吉田知史さん(小学6年生の部第1位)第12回東京国際ピアノコンクール入賞者インタビュー

吉田知史さん(小学6年生の部第1位)第12回東京国際ピアノコンクール入賞者インタビュー

第12回東京国際ピアノコンクール入賞者インタビュー

吉田知史 小学6年生の部 第1位

F.ショパン/マズルカ風ロンド ヘ長調 Op.5

Q.ご入賞された今のお気持ち・感想を聞かせてください。

――今回の1位という結果を聞いた瞬間は、言葉にできないほどの驚きと喜びが同時に込み上げてきました。実は、コンクール直前に自分の演奏に自信がなくなってしまったのです。しかし、先生は信じていると言って励ましてくださって、少しでもできることをやろうと思い、本番まで、先生方からいただいたアドバイスを、一つでも多く取り入れることに集中するようにしました。本番は、正直なところ、満足のいく演奏ではなかったため、入賞は難しいと思っていたので、結果を知った時は、本当に嬉しかったですし、支えて下さった先生方に感謝の気持ちでいっぱいになりました。あの時、諦めずに挑戦して本当に良かったと心から思っています。この経験を忘れず、これからも音楽と向き合っていきたいと思います。本当にありがとうございました。

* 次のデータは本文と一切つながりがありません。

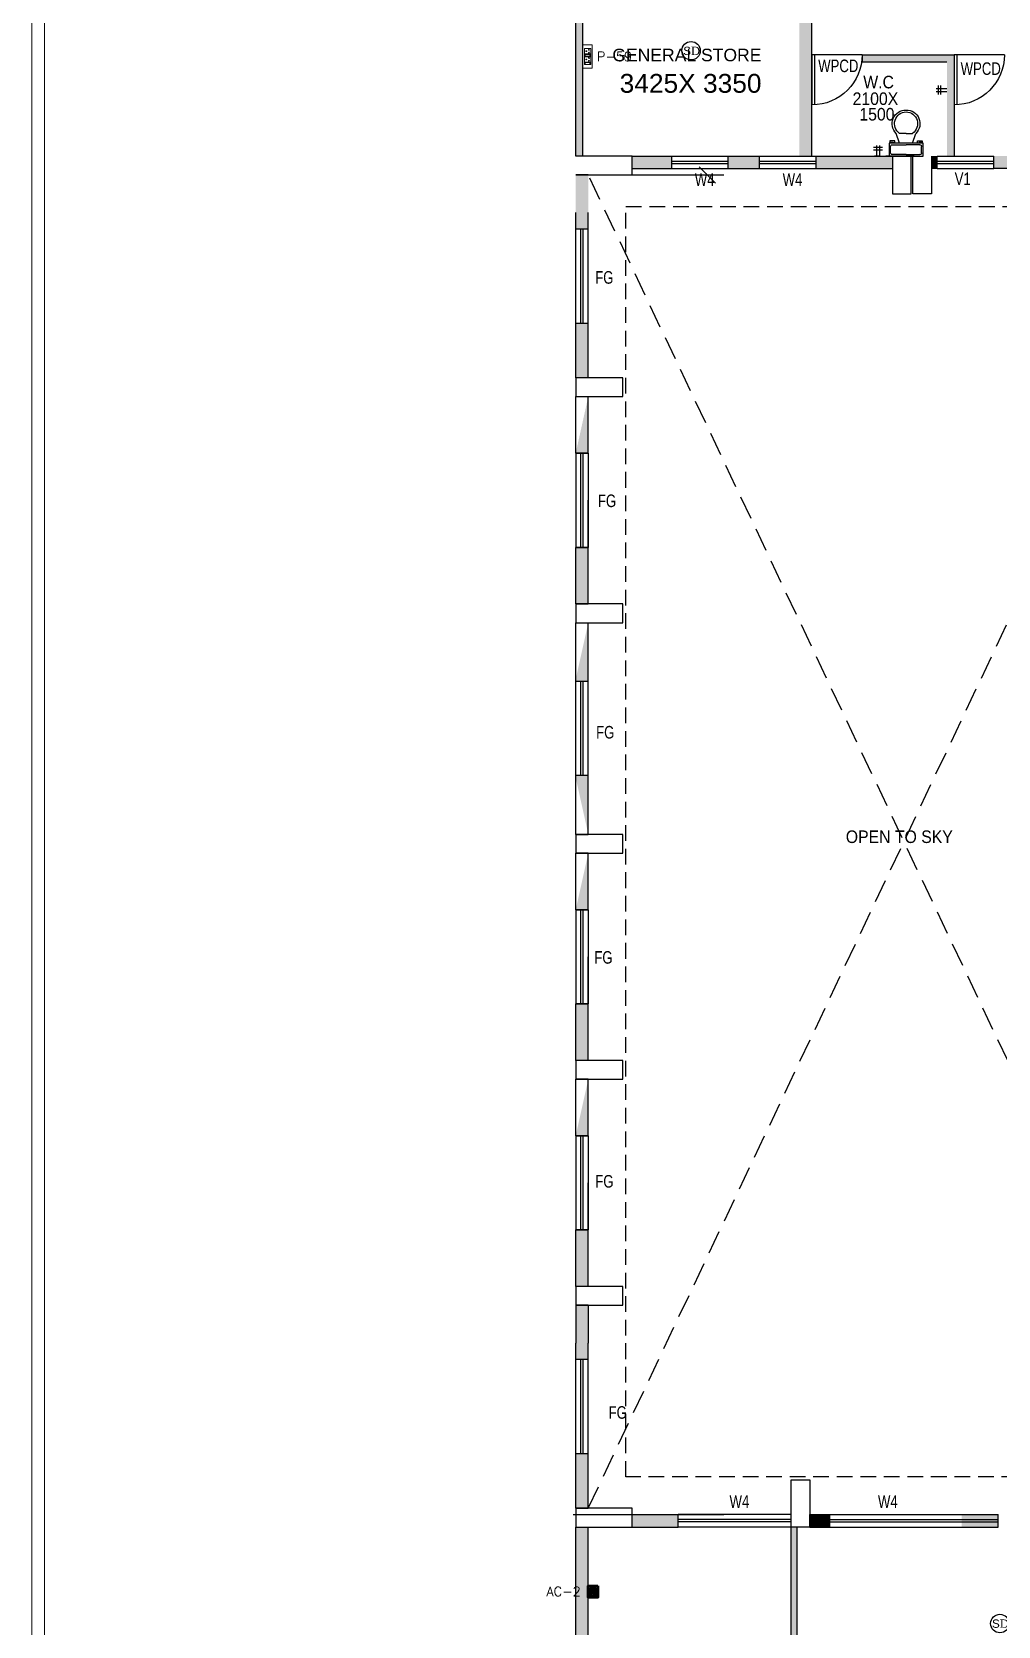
# Model space of a CAD drawing. Extents: x 11369658 to 11598203, y -3946797 to -3787209.
# Drawn here: x 11369658 to 11385052, y -3897715 to -3872328 of the extents above; entities that cross this region are included whole.
import ezdxf

# ---------------------------------------------------------------- set-up
doc = ezdxf.new("R2010")
doc.units = 0
doc.header["$MEASUREMENT"] = 0
for name, pattern in [('CENTER', [0]), ('DASHED', [0.75, 0.5, -0.25]), ('DASHED2', [0.375, 0.25, -0.125])]:
    doc.linetypes.add(name, pattern=pattern)
doc.layers.get('0').update_dxf_attribs({"linetype": 'CONTINUOUS'})
for name, color, linetype, lineweight in [('Dim( Actpl )', 7, 'CONTINUOUS', 5), ('ELE-1 NO 6-16A RAW POWER SOCKET', 1, 'CONTINUOUS', 0), ('ELE-2NOS OF 6-16 RAW POWER SOCKET', 1, 'CONTINUOUS', 20), ('ELE-POWER SOCKET TEXT', 7, 'CONTINUOUS', 5), ('FA-BELOW SMOKE DERECTOR', 1, 'CONTINUOUS', 25)]:
    doc.layers.add(name, color=color, linetype=linetype, lineweight=lineweight)
doc.layers.add('ELE-20A AC POWER SOCKET', color=7, linetype='CONTINUOUS', lineweight=5, true_color=0xffa07f)
doc.layers.add('HS', color=251, linetype='CONTINUOUS')
doc.styles.add('ARIAL', font='arial.ttf', dxfattribs={"width": 0.75})
doc.styles.add('PDF Times New Roman', font='times.ttf')
doc.styles.get("Standard").update_dxf_attribs({"font": 'arial.ttf'})

# ---------------------------------------------------------------- blocks, each defined once
blk = doc.blocks.new('4355')
at = {"layer": 'ELE-1 NO 6-16A RAW POWER SOCKET', "color": 21, "lineweight": 50}
for p, q in [((-132, 227), (-289, 227)), ((-289, 227), (-289, 49)), ((-289, 49), (-132, 49)), ((-132, 49), (-132, 227)), ((-122, 49), (-122, 227)), ((-122, 227), (-60, 227)), ((-60, 227), (-122, 227)), ((-60, 49), (-122, 49)), ((-117, 68), (-117, 208)), ((-117, 208), (-65, 208)), ((-65, 74), (-117, 74)), ((-65, 68), (-117, 68)), ((-65, 208), (-65, 68)), ((-60, 227), (-60, 49)), ((-60, 227), (-60, 49))]:
    blk.add_line(p, q, dxfattribs=at)
blk.add_lwpolyline([(0, 0), (-345, 0), (-345, 276), (0, 276)], close=True, dxfattribs=at)
for centre, radius, start, end in [((-255, 103), 10.5, 5.2689, 272.51), ((-247, 96), 8.47, 202.6838, 75.0951), ((-211, 182), 12.2, 307.1584, 232.8416), ((-211, 170), 7.76, 161.4031, 18.5969), ((-174, 96), 8.47, 104.9049, 337.3162), ((-166, 103), 10.5, 267.49, 174.7311)]:
    blk.add_arc(centre, radius, start, end, dxfattribs=at)
blk = doc.blocks.new('ujikd5e')
at = {"layer": 'ELE-2NOS OF 6-16 RAW POWER SOCKET', "color": 181, "ltscale": 300}
for p, q in [((57, -27), (91, -27)), ((91, -27), (57, -27)), ((57, -27), (57, -124)), ((57, -27), (57, -124)), ((57, -124), (91, -124)), ((88, -37), (60, -37)), ((60, -37), (60, -113)), ((60, -110), (88, -110)), ((60, -113), (88, -113)), ((88, -113), (88, -37)), ((91, -124), (91, -27)), ((97, -124), (97, -27)), ((97, -27), (182, -27)), ((182, -124), (97, -124)), ((182, -27), (182, -124)), ((187, -27), (221, -27)), ((221, -27), (187, -27)), ((187, -27), (187, -124)), ((187, -27), (187, -124)), ((187, -124), (221, -124)), ((218, -37), (190, -37)), ((190, -37), (190, -113)), ((190, -110), (218, -110)), ((190, -113), (218, -113)), ((218, -113), (218, -37)), ((221, -124), (221, -27)), ((227, -27), (312, -27)), ((227, -124), (227, -27)), ((312, -124), (227, -124)), ((312, -27), (312, -124))]:
    blk.add_line(p, q, dxfattribs=at)
blk.add_lwpolyline([(0, -150), (369, -150), (369, 0), (0, 0)], close=True, dxfattribs=at)
for centre, radius, start, end in [((115, -94), 5.7, 5.2689, 272.51), ((119, -98), 4.6, 202.6838, 75.0951), ((139, -51), 6.62, 307.1584, 232.8416), ((139, -58), 4.22, 161.4031, 18.5969), ((159, -98), 4.6, 104.9049, 337.3162), ((163, -94), 5.7, 267.49, 174.7311), ((245, -94), 5.7, 5.2689, 272.51), ((249, -98), 4.6, 202.6838, 75.0951), ((269, -51), 6.62, 307.1584, 232.8416), ((269, -58), 4.22, 161.4031, 18.5969), ((289, -98), 4.6, 104.9049, 337.3162), ((293, -94), 5.7, 267.49, 174.7311)]:
    blk.add_arc(centre, radius, start, end, dxfattribs=at)
blk = doc.blocks.new('SMOKE DETECTOR')
at = {"layer": 'FA-BELOW SMOKE DERECTOR', "color": 7}
blk.add_circle((931029, -118294), 350, dxfattribs=at)
at = {"layer": 'FA-BELOW SMOKE DERECTOR', "insert": (930730, -118461), "char_height": 316.24, "attachment_point": 7, "style": 'PDF Times New Roman'}
blk.add_mtext('{\\fArial|b0|i0|c0|p34;S}D', dxfattribs=at)

msp = doc.modelspace()

# ---------------------------------------------------------------- hatches: boundary and pattern name
at = {"ltscale": 500}
for points in [[(11381885.7, -3870821.3), (11381885.7, -3874306.4), (11382085.7, -3874306.4), (11382085.7, -3870821.3)], [(11378322.5, -3871006.4), (11378437.5, -3871006.4), (11378437.5, -3874306.4), (11378322.5, -3874306.4)], [(11384237.2, -3872806.4), (11382885.7, -3872807.2), (11382885.7, -3872692.2), (11384352.2, -3872691.4), (11384352.2, -3874306.4), (11384237.2, -3874306.4)], [(11379852.5, -3874306.4), (11379222.5, -3874306.4), (11379222.5, -3874506.4), (11379852.5, -3874506.4)], [(11381252.5, -3874306.4), (11380752.5, -3874306.4), (11380752.5, -3874506.4), (11381252.5, -3874506.4)], [(11384082.5, -3874306.4), (11383992.5, -3874306.4), (11383992.5, -3874506.4), (11384082.5, -3874506.4)], [(11384982.5, -3874306.4), (11385437.5, -3874306.4), (11385437.5, -3874506.4), (11384982.5, -3874506.4)], [(11379952.5, -3895936.4), (11379222.5, -3895936.4), (11379222.5, -3896136.4), (11379952.5, -3896136.4)], [(11382369.2, -3896136.4), (11382369.2, -3896056.4), (11382369.2, -3896016.4), (11382369.2, -3895936.4), (11382052.5, -3895936.4), (11382052.5, -3896136.4)], [(11385052.5, -3895936.4), (11384469.2, -3895936.4), (11384469.2, -3896136.4), (11385052.5, -3896136.4)], [(11378522.5, -3896136.4), (11378322.5, -3896136.4), (11378322.5, -3900496.4), (11378522.5, -3900496.4)], [(11381752.5, -3896136.4), (11381852.5, -3896136.4), (11381852.5, -3900496.4), (11381752.5, -3900496.4)]]:
    msp.add_hatch(color=8, dxfattribs=at).paths.add_polyline_path(points)
at = {"lineweight": -3, "ltscale": 500}
msp.add_hatch(color=8, dxfattribs=at).paths.add_polyline_path([(11383367.5, -3874306.4), (11382152.5, -3874306.4), (11382152.5, -3874506.4), (11383367.5, -3874506.4)])
at = {"layer": 'HS', "lineweight": -3, "ltscale": 500}
h = msp.add_hatch(color=8, dxfattribs=at)
h.dxf.hatch_style = 1
h.paths.add_polyline_path([(11378522.5, -3876971.4), (11378322.5, -3876971.4), (11378322.5, -3877836.4), (11378522.5, -3877836.4)])
h.paths.add_polyline_path([(11378522.5, -3874606.4), (11378322.5, -3874606.4), (11378322.5, -3875206.4), (11378322.5, -3875471.4), (11378522.5, -3875471.4), (11378522.5, -3875206.4)])
h = msp.add_hatch(color=8, dxfattribs=at)
h.dxf.hatch_style = 1
h.paths.add_polyline_path([(11378322.5, -3879036.4), (11378522.5, -3878136.4), (11378522.5, -3879036.4), (11378322.5, -3879036.4)])
h.paths.add_polyline_path([(11378322.5, -3881436.4), (11378322.5, -3880536.4), (11378522.5, -3880536.4), (11378522.5, -3881436.4)])
h = msp.add_hatch(color=8, dxfattribs=at)
h.dxf.hatch_style = 1
h.paths.add_polyline_path([(11378322.5, -3884206.4), (11378522.5, -3885106.4), (11378522.5, -3884171.4), (11378322.5, -3884171.4)])
h.paths.add_polyline_path([(11378322.5, -3882671.4), (11378322.5, -3882636.4), (11378522.5, -3881736.4), (11378522.5, -3882636.4), (11378522.5, -3882671.4)])
h = msp.add_hatch(color=8, dxfattribs=at)
h.dxf.hatch_style = 1
h.paths.add_polyline_path([(11378322.5, -3886306.4), (11378522.5, -3885406.4), (11378522.5, -3886306.4), (11378322.5, -3886306.4)])
h.paths.add_polyline_path([(11378322.5, -3888706.4), (11378322.5, -3887806.4), (11378522.5, -3887806.4), (11378522.5, -3888706.4)])
h = msp.add_hatch(color=8, dxfattribs=at)
h.dxf.hatch_style = 1
h.paths.add_polyline_path([(11378322.5, -3889906.4), (11378522.5, -3889006.4), (11378522.5, -3889906.4), (11378322.5, -3889906.4)])
h.paths.add_polyline_path([(11378322.5, -3892306.4), (11378322.5, -3891406.4), (11378522.5, -3891406.4), (11378522.5, -3892306.4)])
h = msp.add_hatch(color=8, dxfattribs=at)
h.dxf.hatch_style = 1
h.paths.add_polyline_path([(11378522.5, -3894971.4), (11378322.5, -3894971.4), (11378322.5, -3895836.4), (11378522.5, -3895836.4)])
h.paths.add_polyline_path([(11378522.5, -3892606.4), (11378322.5, -3892606.4), (11378322.5, -3893206.4), (11378322.5, -3893471.4), (11378522.5, -3893471.4), (11378522.5, -3893206.4)])

# ---------------------------------------------------------------- linework, layer by layer
at = {"color": 8, "lineweight": 25}
for p, q in [((11378322.5, -3874306.4), (11378322.5, -3871006.4)), ((11378437.5, -3874306.4), (11378437.5, -3871006.4)), ((11382085.7, -3874306.4), (11382085.7, -3871306.4)), ((11382085.7, -3872691.4), (11382085.7, -3873491.4)), ((11382885.7, -3872691.4), (11382085.7, -3872691.4)), ((11382125.7, -3872691.4), (11382125.7, -3873490.4)), ((11382885.7, -3872691.4), (11384352.5, -3872691.4)), ((11382885.7, -3872693), (11382885.7, -3872806.4)), ((11382885.7, -3872806.4), (11384236.8, -3872806.4)), ((11385152.5, -3872691.4), (11384352.5, -3872691.4)), ((11384392.5, -3872691.4), (11384392.5, -3873490.4)), ((11384100.1, -3873327.9), (11384100.1, -3873181)), ((11384140.1, -3873327.9), (11384140.1, -3873181)), ((11384237.2, -3873233.5), (11384066, -3873233.5)), ((11384237.2, -3873283.5), (11384066, -3873283.5)), ((11383482.2, -3874099.5), (11383430.5, -3873944.3)), ((11383585.6, -3873944.3), (11383482.2, -3873944.3)), ((11383585.6, -3873944.3), (11383689.1, -3873944.3)), ((11383689.1, -3874099.5), (11383740.8, -3873944.3)), ((11383212.4, -3874169.3), (11383065.5, -3874169.3)), ((11383118, -3874306.4), (11383118, -3874135.1)), ((11383168, -3874306.4), (11383168, -3874135.1)), ((11383857.2, -3874099.5), (11383314.1, -3874099.5)), ((11383314.1, -3874099.5), (11383314.1, -3874306.4)), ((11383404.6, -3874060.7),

Q.本選での選曲について、選曲理由、作品の聴きどころについてお聞かせください。

――今回演奏した『マズルカ風ロンド』は、先生が選曲してくださいました。大好きな曲だったので、この曲を弾くことが決まった時はとても嬉しかったです!この曲は、ショパンが16歳の頃に作曲された作品で、ショパンの故郷ポーランドの踊りの音楽であるマズルカのリズムがちりばめられた、とてもおしゃれな曲です。軽快で華やかな部分と、温かく優しいメロディーの思わずうっとりとしてしまう中間部があり、その対比がとても素敵なので、大切に演奏しました。また、キラリと涙がこぼれるような切ない旋律が出てくるところも、この作品の聴きどころだと思います。もっともっと磨いていきたいです。

Q.思い出のレッスンはありますか。

――課題はたくさんありますが、今回、特に難しかったのは、迫力のある大きな音を、美しく豊かに響かせることでした。なかなか響きのある「良い音」が出せずいた時、先生がユニークな練習方法を教えてくださいました。それが、「立って弾いてみて、良い音を出す感覚をつかむ」という方法です。鍵盤との距離感や、肩の力を抜いて腕全体の重みをどう伝えるかといった感覚が、座っている時とは全く異なり、先生が意図されている「体の使い方」を掴むヒントになりました。まだ、その感覚を常に自分のものにするのは難しいですが、先生から教えていただいたことを忘れずに、今後も豊かな響きを目指して練習を続けていきたいと思います。